**Task**: Transcribe each record exactly, but omit pictures.

**Stored data**:
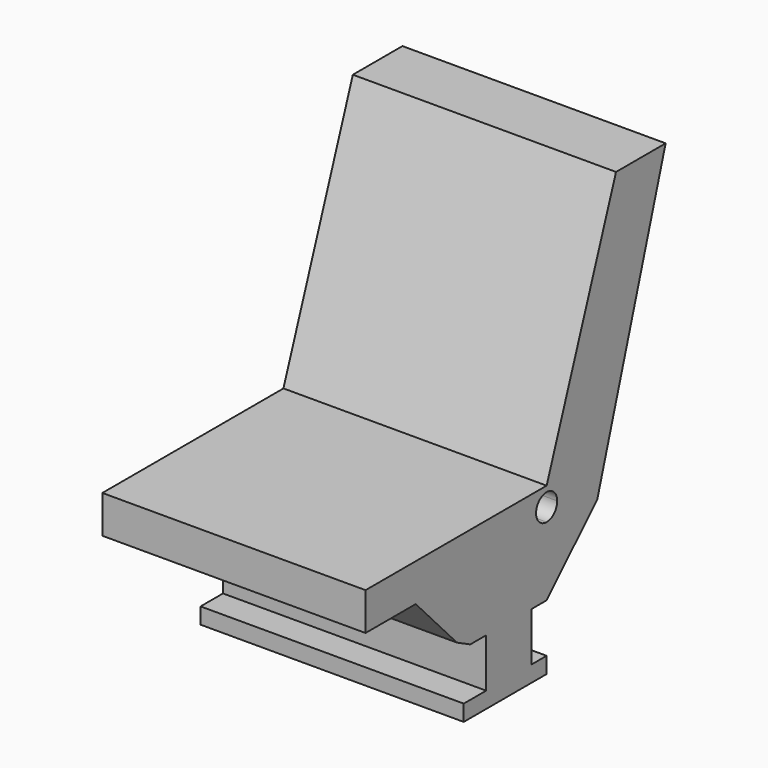
from build123d import *

# Parameters (mm, degrees)
F0_W     = 19.148854
F0_H     = 16.486252
F1_DEPTH = 44.45


with BuildPart() as f1:
    # F0 (on Right) → F1 (new body, symmetric)
    with BuildSketch(Plane.YZ):
        with BuildLine():
            ThreePointArc((0, 4.46964), (3.160513, 3.160513), (4.46964, 0))
            ThreePointArc((4.46964, 0), (3.160513, -3.160513), (0, -4.46964))
            Line((0, -4.46964), (0, -6.37082))
            Line((0, -6.37082), (4.939543, -6.37082))
            Line((4.939543, -6.37082), (21.400414, -6.37082))
            Line((21.400414, -6.37082), (50.244033, 87.741062))
            Line((50.244033, 87.741062), (29.303843, 87.741062))
            Line((29.303843, 87.741062), (0, 6.37082))
            Line((0, 6.37082), (0, 4.46964))
        make_face()
        with BuildLine():
            ThreePointArc((-4.46964, 0), (-3.160513, 3.160513), (0, 4.46964))
            Line((0, 4.46964), (0, 6.37082))
            Line((0, 6.37082), (-4.939543, 6.37082))
            Line((-4.939543, 6.37082), (-76.449834, 6.37082))
            Line((-76.449834, 6.37082), (-76.449834, 0))
            Line((-76.449834, 0), (-4.46964, 0))
        make_face()
        with BuildLine():
            Line((0, -6.37082), (0, -4.46964))
            ThreePointArc((0, -4.46964), (-3.160513, -3.160513), (-4.46964, 0))
            Line((-4.46964, 0), (-76.449834, 0))
            Line((-76.449834, 0), (-76.449834, -6.37082))
            Line((-76.449834, -6.37082), (-55.27623, -6.37082))
            Line((-55.27623, -6.37082), (-4.939543, -6.37082))
            Line((-4.939543, -6.37082), (0, -6.37082))
        make_face()
        Polygon((0, -27.731804), (0, -6.37082), (-4.939543, -6.37082), (-55.27623, -6.37082), (-37.850164, -24.921147), (-32.228854, -27.731804), (-25.522344, -27.731804), (-6.37349, -27.731804), align=None)
        Polygon((4.939543, -6.37082), (0, -6.37082), (0, -27.731804), (21.400414, -6.37082), align=None)
        with Locations((-15.947917, -35.97493)):
            Rectangle(F0_W, F0_H)
        Polygon((0, -44.218056), (-6.37349, -44.218056), (-25.522344, -44.218056), (-34.995988, -44.218056), (-34.995988, -49.660362), (0, -49.660362), align=None)
    extrude(amount=F1_DEPTH, both=True)


solid = f1.part

**Your response**:
from build123d import *

# Parameters (mm, degrees)
F0_W     = 19.148854
F0_H     = 16.486252
F1_DEPTH = 44.45


with BuildPart() as f1:
    # F0 (on Right) → F1 (new body, symmetric)
    with BuildSketch(Plane.YZ):
        with BuildLine():
            ThreePointArc((0, 4.46964), (3.160513, 3.160513), (4.46964, 0))
            ThreePointArc((4.46964, 0), (3.160513, -3.160513), (0, -4.46964))
            Line((0, -4.46964), (0, -6.37082))
            Line((0, -6.37082), (4.939543, -6.37082))
            Line((4.939543, -6.37082), (21.400414, -6.37082))
            Line((21.400414, -6.37082), (50.244033, 87.741062))
            Line((50.244033, 87.741062), (29.303843, 87.741062))
            Line((29.303843, 87.741062), (0, 6.37082))
            Line((0, 6.37082), (0, 4.46964))
        make_face()
        with BuildLine():
            ThreePointArc((-4.46964, 0), (-3.160513, 3.160513), (0, 4.46964))
            Line((0, 4.46964), (0, 6.37082))
            Line((0, 6.37082), (-4.939543, 6.37082))
            Line((-4.939543, 6.37082), (-76.449834, 6.37082))
            Line((-76.449834, 6.37082), (-76.449834, 0))
            Line((-76.449834, 0), (-4.46964, 0))
        make_face()
        with BuildLine():
            Line((0, -6.37082), (0, -4.46964))
            ThreePointArc((0, -4.46964), (-3.160513, -3.160513), (-4.46964, 0))
            Line((-4.46964, 0), (-76.449834, 0))
            Line((-76.449834, 0), (-76.449834, -6.37082))
            Line((-76.449834, -6.37082), (-55.27623, -6.37082))
            Line((-55.27623, -6.37082), (-4.939543, -6.37082))
            Line((-4.939543, -6.37082), (0, -6.37082))
        make_face()
        Polygon((0, -27.731804), (0, -6.37082), (-4.939543, -6.37082), (-55.27623, -6.37082), (-37.850164, -24.921147), (-32.228854, -27.731804), (-25.522344, -27.731804), (-6.37349, -27.731804), align=None)
        Polygon((4.939543, -6.37082), (0, -6.37082), (0, -27.731804), (21.400414, -6.37082), align=None)
        with Locations((-15.947917, -35.97493)):
            Rectangle(F0_W, F0_H)
        Polygon((0, -44.218056), (-6.37349, -44.218056), (-25.522344, -44.218056), (-34.995988, -44.218056), (-34.995988, -49.660362), (0, -49.660362), align=None)
    extrude(amount=F1_DEPTH, both=True)


solid = f1.part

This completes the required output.